Below are entries. Copy exactly the lines running from the line that holds "R1.1, U1.9, U2.13" to the line that holds "2019-09-09 Get rotary", with both ends included.

• • • • •

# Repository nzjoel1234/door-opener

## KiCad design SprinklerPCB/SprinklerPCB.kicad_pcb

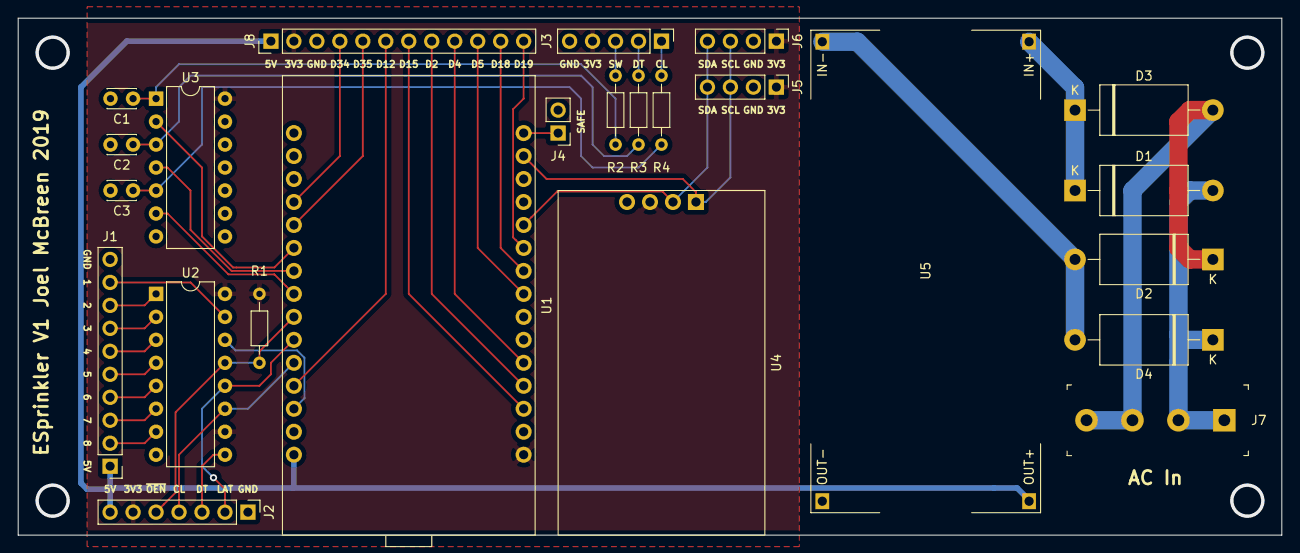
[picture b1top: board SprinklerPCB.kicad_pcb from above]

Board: 2 copper layers, 139.7 x 57.1 mm, 24 parts (0 on the bottom side), 41 nets.

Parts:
C1, C2, C3: 10n; C_Disc_D3.0mm_W2.0mm_P2.50mm
D1, D2, D3, D4: IN5404; D_DO-27_P15.24mm_Horizontal
J1: Conn_01x10_Male; PinHeader_1x10_P2.54mm_Vertical
J2: Conn_01x07_Male; PinHeader_1x07_P2.54mm_Vertical
J3: Conn_01x05_Male; PinHeader_1x05_P2.54mm_Vertical
J4: Conn_01x02_Male; PinHeader_1x02_P2.54mm_Vertical
J5, J6: Conn_01x04_Male; PinHeader_1x04_P2.54mm_Vertical
J7: Conn_01x04_Male; Term_Block_1x4_P5.08mm
J8: Conn_01x12_Male; PinHeader_1x12_P2.54mm_Vertical
R1: 47k; R_Axial_DIN0204_L3.6mm_D1.6mm_P7.62mm_Horizontal
R2, R3, R4: 10k; R_Axial_DIN0204_L3.6mm_D1.6mm_P7.62mm_Horizontal
U1: Esp32DevKitV1; ESP32_DEVKIT_V1
U2: 74HC595; DIP-16_W7.62mm
U3: 40106; DIP-14_W7.62mm
U4: DS3231Module; DS3231_RTC_Horizontal_4P_BatteryUp
U5: AdjustableStepDownConvertor

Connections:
24VAC+: D1.2, D4.1, J7.1, J7.2
24VAC-: D2.1, D3.2, J7.3, J7.4
+3V3: J2.6, J3.4, J5.1, J6.1, J8.2, R1.2, U1.16, U2.10, U2.16, U3.14, U4.3
+5V: J1.1, J2.7, J8.1, U1.15, U5.2
D2: J8.8, U1.19
D4: J8.9, U1.20
D5: J8.10, U1.23
D12: J8.6, U1.12
D15: J8.7, U1.18
D18: J8.11, U1.24
D19: J8.12, U1.25
D34: J8.4, U1.4
D35: J8.5, U1.5
GND: C1.2, C2.2, C3.2, J1.10, J2.1, J3.5, J4.2, J5.2, J6.2, J8.3, U1.14, U1.17, U2.8, U3.7, U4.4, U5.3
unnamed: C1.1, R2.1, U3.1
unnamed: C2.1, R3.1, U3.3
unnamed: C3.1, R4.1, U3.5
unnamed: D1.1, D3.1, U5.1
unnamed: D2.2, D4.2, U5.4
unnamed: J1.2, U2.7
unnamed: J1.3, U2.6
unnamed: J1.4, U2.5
unnamed: J1.5, U2.4
unnamed: J1.6, U2.3
unnamed: J1.7, U2.2
unnamed: J1.8, U2.1
unnamed: J1.9, U2.15
ROT_CL: J3.1, R4.2
ROT_CL_U: U1.8, U3.6
ROT_DT: J3.2, R3.2
ROT_DT_U: U1.7, U3.4
ROT_SW: J3.3, R2.2
ROT_SW_U: U1.6, U3.2
SAFE_MODE_SEL: J4.1, U1.30
SCL: J5.3, J6.3, U1.29, U4.1
SDA: J5.4, J6.4, U1.26, U4.2
SHIFTR_CLK: J2.4, U1.11, U2.11
SHIFTR_LAT: J2.2, U1.10, U2.12
SHIFTR_OVR: J2.3, U2.9
SHIFTR_SER: U1.13, U2.14
~SHIFTR_EN: J2.5, R1.1, U1.9, U2.13

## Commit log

2019-05-20 Add aws https client
2019-05-20 Remove aws credentials
2019-05-23 Update shadow reported state
2019-08-15 Enable auto-formatter
2019-08-15 Add basic mqtt example
2019-08-15 Begin work on display logic
2019-08-18 Add scroll arrows to menu
2019-09-09 Get rotary encoder and menu system working
2019-10-17 Get UI framework going
2019-10-24 Get manual runs working
2019-10-24 Add kicad files
2019-11-01 Allow start/stop from web
2019-11-25 Get MQTT subscription going
2020-04-26 Use windows line endings
2020-04-26 Add precompiling stage to setup script
2020-05-03 Get secure AWS mqtt client working
2020-05-08 Remove asyncio - and add screensaver
2020-05-15 Add report status functionality
2020-05-17 Support stopping zones via mqtt
2020-05-17 Add support for UtcOffset - to handle DST
2020-05-24 Fix stack depth exception
2022-06-03 Initial commit (based on uPy sprinkler)
2022-06-03 Show door state on local website
2022-06-05 Use polling instead of IRQ to avoid crashes
2022-06-05 Move AP credentials into config file
2022-06-05 Avoid attempting NTP sync until wifi is active

• • • • •

§ Answer box:
~SHIFTR_EN: J2.5, R1.1, U1.9, U2.13

## Commit log

2019-05-20 Add aws https client
2019-05-20 Remove aws credentials
2019-05-23 Update shadow reported state
2019-08-15 Enable auto-formatter
2019-08-15 Add basic mqtt example
2019-08-15 Begin work on display logic
2019-08-18 Add scroll arrows to menu
2019-09-09 Get rotary encoder and menu system working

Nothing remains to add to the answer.